Top of Dataset extract

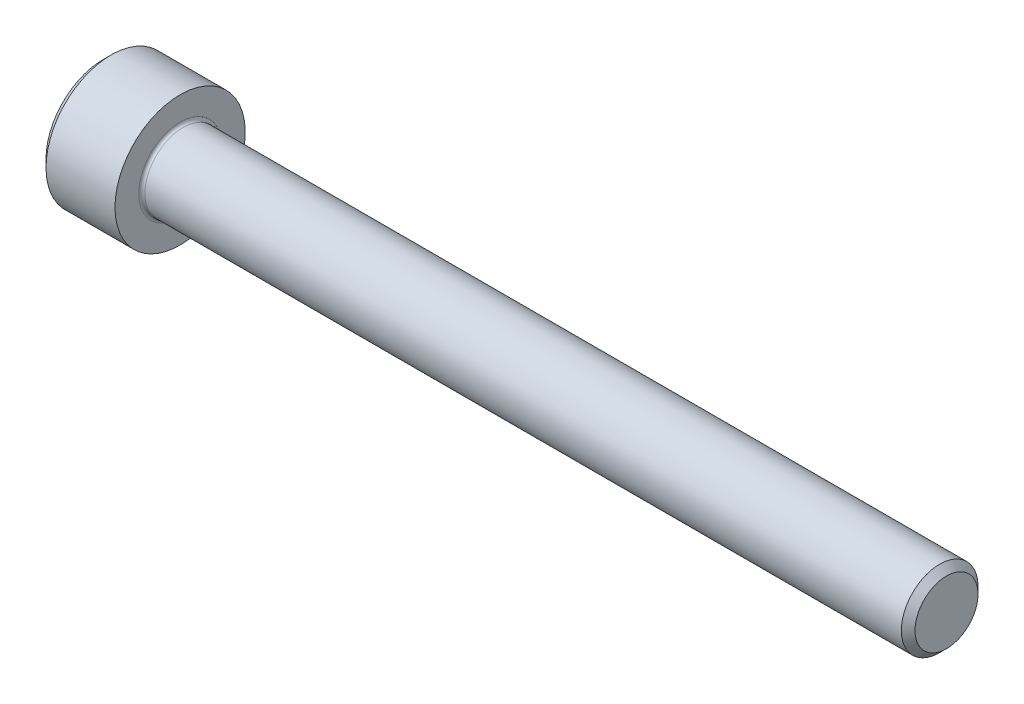
SolidWorks part; units mm, degrees
revolve "Base-Revolve" add sketch "BodySke"
sketch "BodySke" plane through (0, 0, 0) normal (0, 0, 1) x (1, 0, 0)
  line L0 (0, 0) -> (0, 3.75)
  line L1 (0.5, 4.25) -> (5, 4.25)
  line L2 (5, 4.25) -> (5, 2.5)
  line L3 (5, 2.5) -> (54.555, 2.5)
  line L4 (55, 2.055) -> (55, 0)
  line L5 (55, 0) -> (0, 0)
  line L6 (-31.75, 0) -> (127, 0) construction
  line L7 (0, 3.75) -> (0.5, 4.25)
  line L8 (55, 2.055) -> (54.555, 2.5)
  line L9 (0, -3.75) -> (0.5, -4.25) construction
  line L10 (55, -2.055) -> (54.555, -2.5) construction
  line L11 (5.8, 1.228) -> (5.8, -5.122) construction
  line L12 (33, 1.228) -> (33, -5.122) construction
  line L13 (5, 1.228) -> (5, -5.122) construction
  dimension "Diameter" = 5
  dimension "Head_ht" = 5
  dimension "Length" = 50
  dimension "Body_ch_ang" = 45
  dimension "Head_dia" = 8.5
  dimension "Head_ch_ang" = 45
  dimension "Minor_dia" = 4.11
  dimension "Advance" = 0.8
  dimension "Thread_nom" = 22
  dimension "Thread_length" = 50
  dimension "Head_ch_ht" = 0.5
cosmetic thread "ThreadCosmetic" [suppressed]
fillet "Fillet1" radius 0.2 1 edges at (5, 0, 2.5)
material "AISI 1020"
ref_plane "Plane1" through (0, 0, 0) normal (0, 0, 1) x (1, 0, 0)
ref_plane "Plane2" through (0, 0, 0) normal (0, 1, 0) x (1, 0, 0)
ref_plane "Plane3" through (0, 0, 0) normal (1, 0, 0) x (0, 0, -1)
other "Configuration Table"
sketch "Sketch2" plane through (0, 0, 0) normal (0, 0, 1) x (1, 0, 0)
  line L0 (0, 2.042) -> (2.5, 2.042)
  line L1 (2.5, 2.042) -> (3.6789, 0)
  line L2 (-31.75, 0) -> (127, 0) construction
  line L3 (3.6789, 0) -> (0, 0)
  line L4 (0, 0) -> (0, 2.042)
  line L5 (0, 3.75) -> (0, -3.75) construction
  line L6 (0, 0) -> (47.625, 0) construction
  line L7 (5, -4.25) -> (5, 4.25) construction
  dimension "D1" = 2.042
  dimension "D2" = 60
revolve "Hex-PreBroach" cut sketch "Sketch2" angle 360 about L6
sketch "Sketch3" plane through (0, 0, 0) normal (-1, 0, 0) x (0, 0.5, 0.866)
  line L0 (1.1789, 2.042) -> (-1.1789, 2.042)
  line L1 (-1.1789, 2.042) -> (-2.3579, 0)
  line L2 (1.1789, 2.042) -> (2.3579, 0)
  line L3 (1.1789, -2.042) -> (2.3579, 0)
  line L4 (1.1789, -2.042) -> (-1.1789, -2.042)
  line L5 (-1.1789, -2.042) -> (-2.3579, 0)
  dimension "D1" = 2.042
  dimension "D2" = 2.042
  dimension "Hex_size" = 4.084
extrude "Hex" cut sketch "Sketch3" against normal blind 2.5
sketch "Sketch4" plane through (0, 0, 0) normal (-1, 0, 0) x (0, 0, 1)
  line L0 (0, 0) -> (2.3876, 0)
  line L1 (0, 0) -> (6.1484, 3.5498) construction
  line L2 (0, 0) -> (1.1938, 2.0677)
  line L3 (1.9883, 0.576) -> (2.2704, 0.7389)
  line L4 (1.493, 1.4339) -> (1.7751, 1.5968)
  arc A0 (1.9883, 0.576) -> (1.493, 1.4339) centre (0, 0) ccw
  arc A1 (2.3876, 0) -> (2.2704, 0.7389) centre (0, 0) ccw
  arc A2 (1.1938, 2.0677) -> (1.7751, 1.5968) centre (0, 0) cw
  dimension "D1" = 30
  dimension "D2" = 60
  dimension "Spline_p_dim" = 0.9906
  dimension "D3" = 0.4953
extrude "Spline" [suppressed] cut sketch "Sketch4" against normal blind 2.5
pattern_circular "CirPattern1" [suppressed] count 6 every 60
sketch "Sketch5" plane through (0, 0, 0) normal (0, 0, 1) x (1, 0, 0)
  line L0 (-31.75, 0) -> (127, 0) construction
  line L2 (0, 3.75) -> (0, -3.75) construction
  circle A0 centre (2, 0) radius 0.675
  dimension "Drilled_hole_dia" = 1.35
  dimension "Drilled_hole_loc" = 2
extrude "Hole" [suppressed] cut sketch "Sketch5" against normal through all and the other way through all
pattern_circular "Drilled-4" [suppressed] count 2 every 60
pattern_circular "Drilled-6" [suppressed] count 3 every 60
sketch "ThdSchSke" plane through (0, 0, 0) normal (0, 0, 1) x (1, 0, 0)
  line L0 (33, -2.055) -> (32.6884, -2.5)
  line L1 (33, -2.055) -> (33.3116, -2.5)
  line L2 (33.3116, -2.5) -> (33.3116, -3.125)
  line L3 (-3.175, 0) -> (5.1513, 0) construction
  line L5 (33.3116, -3.125) -> (32.6884, -3.125)
  line L6 (32.6884, -3.125) -> (32.6884, -2.5)
  line L7 (0, 3.75) -> (0, -3.75) construction
  dimension "Thread_minor" = 4.11
  dimension "Diameter" = 5
  dimension "Start" = 33
revolve "ThreadSchematic" [suppressed] cut sketch "ThdSchSke" angle 360 about L3
pattern_linear "ThdSchPat" [suppressed]
equation "\"D2@Sketch3\" = \"Hex_size@Sketch3\" / 2"
equation "\"D1@Sketch3\" = \"Hex_size@Sketch3\" / 2"
equation "\"D1@Sketch2\" = \"Hex_size@Sketch3\" / 2"
equation "\"D3@Sketch4\" = \"Spline_p_dim@Sketch4\" / 2"
equation "\"Thread_minor@ThreadCosmetic\"  =  \"Minor_dia@BodySke\""
equation "\"D2@CirPattern1\" = 360 / \"Num_teeth@CirPattern1\""
equation "\"Wall_thickness@Sketch2\" = \"Head_ht@BodySke\" - \"Key_eng@Hex\""
equation "\"Thread_length@ThreadCosmetic\" = ((sgn( (\"Length@BodySke\" - \"Advance@BodySke\" ) - \"Thread_nom@BodySke\" )-1)*( (\"Length@BodySke\" - \"Advance@BodySke\" ) - \"Thread_nom@BodySke\" ))/-2+ \"Thread_nom@BodySke\""
equation "\"Thread_minor@ThdSchSke\" = \"Minor_dia@BodySke\""
equation "\"Diameter@ThdSchSke\" = \"Diameter@BodySke\""
equation "\"Overcut@ThdSchSke\" = \"Diameter@BodySke\" * 1.25"
equation "\"Start@ThdSchSke\" = \"Head_ht@BodySke\" + \"Length@BodySke\" - \"Thread_length@ThreadCosmetic\"  '---Non-countersunk---"
equation "\"Num_threads@ThdSchPat\" = int( \"Thread_length@ThreadCosmetic\" / \"Advance@BodySke\" + 0.999 )  + 1"
equation "\"Advance@ThdSchPat\" = \"Thread_length@ThreadCosmetic\" /  (\"Num_threads@ThdSchPat\" - 1) 'relax it"
equation "\"Num_threads@ThdSchPat\" = \"Num_threads@ThdSchPat\" - sgn( \"Num_threads@ThdSchPat\" - 1) '---chamfered tips only---"

Bottom of Dataset extract

> **Exercise details**: Print the whole listing exactly, please, and keep any images out of it.

> **Completed exercise**:
SolidWorks part; units mm, degrees
revolve "Base-Revolve" add sketch "BodySke"
sketch "BodySke" plane through (0, 0, 0) normal (0, 0, 1) x (1, 0, 0)
  line L0 (0, 0) -> (0, 3.75)
  line L1 (0.5, 4.25) -> (5, 4.25)
  line L2 (5, 4.25) -> (5, 2.5)
  line L3 (5, 2.5) -> (54.555, 2.5)
  line L4 (55, 2.055) -> (55, 0)
  line L5 (55, 0) -> (0, 0)
  line L6 (-31.75, 0) -> (127, 0) construction
  line L7 (0, 3.75) -> (0.5, 4.25)
  line L8 (55, 2.055) -> (54.555, 2.5)
  line L9 (0, -3.75) -> (0.5, -4.25) construction
  line L10 (55, -2.055) -> (54.555, -2.5) construction
  line L11 (5.8, 1.228) -> (5.8, -5.122) construction
  line L12 (33, 1.228) -> (33, -5.122) construction
  line L13 (5, 1.228) -> (5, -5.122) construction
  dimension "Diameter" = 5
  dimension "Head_ht" = 5
  dimension "Length" = 50
  dimension "Body_ch_ang" = 45
  dimension "Head_dia" = 8.5
  dimension "Head_ch_ang" = 45
  dimension "Minor_dia" = 4.11
  dimension "Advance" = 0.8
  dimension "Thread_nom" = 22
  dimension "Thread_length" = 50
  dimension "Head_ch_ht" = 0.5
cosmetic thread "ThreadCosmetic" [suppressed]
fillet "Fillet1" radius 0.2 1 edges at (5, 0, 2.5)
material "AISI 1020"
ref_plane "Plane1" through (0, 0, 0) normal (0, 0, 1) x (1, 0, 0)
ref_plane "Plane2" through (0, 0, 0) normal (0, 1, 0) x (1, 0, 0)
ref_plane "Plane3" through (0, 0, 0) normal (1, 0, 0) x (0, 0, -1)
other "Configuration Table"
sketch "Sketch2" plane through (0, 0, 0) normal (0, 0, 1) x (1, 0, 0)
  line L0 (0, 2.042) -> (2.5, 2.042)
  line L1 (2.5, 2.042) -> (3.6789, 0)
  line L2 (-31.75, 0) -> (127, 0) construction
  line L3 (3.6789, 0) -> (0, 0)
  line L4 (0, 0) -> (0, 2.042)
  line L5 (0, 3.75) -> (0, -3.75) construction
  line L6 (0, 0) -> (47.625, 0) construction
  line L7 (5, -4.25) -> (5, 4.25) construction
  dimension "D1" = 2.042
  dimension "D2" = 60
revolve "Hex-PreBroach" cut sketch "Sketch2" angle 360 about L6
sketch "Sketch3" plane through (0, 0, 0) normal (-1, 0, 0) x (0, 0.5, 0.866)
  line L0 (1.1789, 2.042) -> (-1.1789, 2.042)
  line L1 (-1.1789, 2.042) -> (-2.3579, 0)
  line L2 (1.1789, 2.042) -> (2.3579, 0)
  line L3 (1.1789, -2.042) -> (2.3579, 0)
  line L4 (1.1789, -2.042) -> (-1.1789, -2.042)
  line L5 (-1.1789, -2.042) -> (-2.3579, 0)
  dimension "D1" = 2.042
  dimension "D2" = 2.042
  dimension "Hex_size" = 4.084
extrude "Hex" cut sketch "Sketch3" against normal blind 2.5
sketch "Sketch4" plane through (0, 0, 0) normal (-1, 0, 0) x (0, 0, 1)
  line L0 (0, 0) -> (2.3876, 0)
  line L1 (0, 0) -> (6.1484, 3.5498) construction
  line L2 (0, 0) -> (1.1938, 2.0677)
  line L3 (1.9883, 0.576) -> (2.2704, 0.7389)
  line L4 (1.493, 1.4339) -> (1.7751, 1.5968)
  arc A0 (1.9883, 0.576) -> (1.493, 1.4339) centre (0, 0) ccw
  arc A1 (2.3876, 0) -> (2.2704, 0.7389) centre (0, 0) ccw
  arc A2 (1.1938, 2.0677) -> (1.7751, 1.5968) centre (0, 0) cw
  dimension "D1" = 30
  dimension "D2" = 60
  dimension "Spline_p_dim" = 0.9906
  dimension "D3" = 0.4953
extrude "Spline" [suppressed] cut sketch "Sketch4" against normal blind 2.5
pattern_circular "CirPattern1" [suppressed] count 6 every 60
sketch "Sketch5" plane through (0, 0, 0) normal (0, 0, 1) x (1, 0, 0)
  line L0 (-31.75, 0) -> (127, 0) construction
  line L2 (0, 3.75) -> (0, -3.75) construction
  circle A0 centre (2, 0) radius 0.675
  dimension "Drilled_hole_dia" = 1.35
  dimension "Drilled_hole_loc" = 2
extrude "Hole" [suppressed] cut sketch "Sketch5" against normal through all and the other way through all
pattern_circular "Drilled-4" [suppressed] count 2 every 60
pattern_circular "Drilled-6" [suppressed] count 3 every 60
sketch "ThdSchSke" plane through (0, 0, 0) normal (0, 0, 1) x (1, 0, 0)
  line L0 (33, -2.055) -> (32.6884, -2.5)
  line L1 (33, -2.055) -> (33.3116, -2.5)
  line L2 (33.3116, -2.5) -> (33.3116, -3.125)
  line L3 (-3.175, 0) -> (5.1513, 0) construction
  line L5 (33.3116, -3.125) -> (32.6884, -3.125)
  line L6 (32.6884, -3.125) -> (32.6884, -2.5)
  line L7 (0, 3.75) -> (0, -3.75) construction
  dimension "Thread_minor" = 4.11
  dimension "Diameter" = 5
  dimension "Start" = 33
revolve "ThreadSchematic" [suppressed] cut sketch "ThdSchSke" angle 360 about L3
pattern_linear "ThdSchPat" [suppressed]
equation "\"D2@Sketch3\" = \"Hex_size@Sketch3\" / 2"
equation "\"D1@Sketch3\" = \"Hex_size@Sketch3\" / 2"
equation "\"D1@Sketch2\" = \"Hex_size@Sketch3\" / 2"
equation "\"D3@Sketch4\" = \"Spline_p_dim@Sketch4\" / 2"
equation "\"Thread_minor@ThreadCosmetic\"  =  \"Minor_dia@BodySke\""
equation "\"D2@CirPattern1\" = 360 / \"Num_teeth@CirPattern1\""
equation "\"Wall_thickness@Sketch2\" = \"Head_ht@BodySke\" - \"Key_eng@Hex\""
equation "\"Thread_length@ThreadCosmetic\" = ((sgn( (\"Length@BodySke\" - \"Advance@BodySke\" ) - \"Thread_nom@BodySke\" )-1)*( (\"Length@BodySke\" - \"Advance@BodySke\" ) - \"Thread_nom@BodySke\" ))/-2+ \"Thread_nom@BodySke\""
equation "\"Thread_minor@ThdSchSke\" = \"Minor_dia@BodySke\""
equation "\"Diameter@ThdSchSke\" = \"Diameter@BodySke\""
equation "\"Overcut@ThdSchSke\" = \"Diameter@BodySke\" * 1.25"
equation "\"Start@ThdSchSke\" = \"Head_ht@BodySke\" + \"Length@BodySke\" - \"Thread_length@ThreadCosmetic\"  '---Non-countersunk---"
equation "\"Num_threads@ThdSchPat\" = int( \"Thread_length@ThreadCosmetic\" / \"Advance@BodySke\" + 0.999 )  + 1"
equation "\"Advance@ThdSchPat\" = \"Thread_length@ThreadCosmetic\" /  (\"Num_threads@ThdSchPat\" - 1) 'relax it"
equation "\"Num_threads@ThdSchPat\" = \"Num_threads@ThdSchPat\" - sgn( \"Num_threads@ThdSchPat\" - 1) '---chamfered tips only---"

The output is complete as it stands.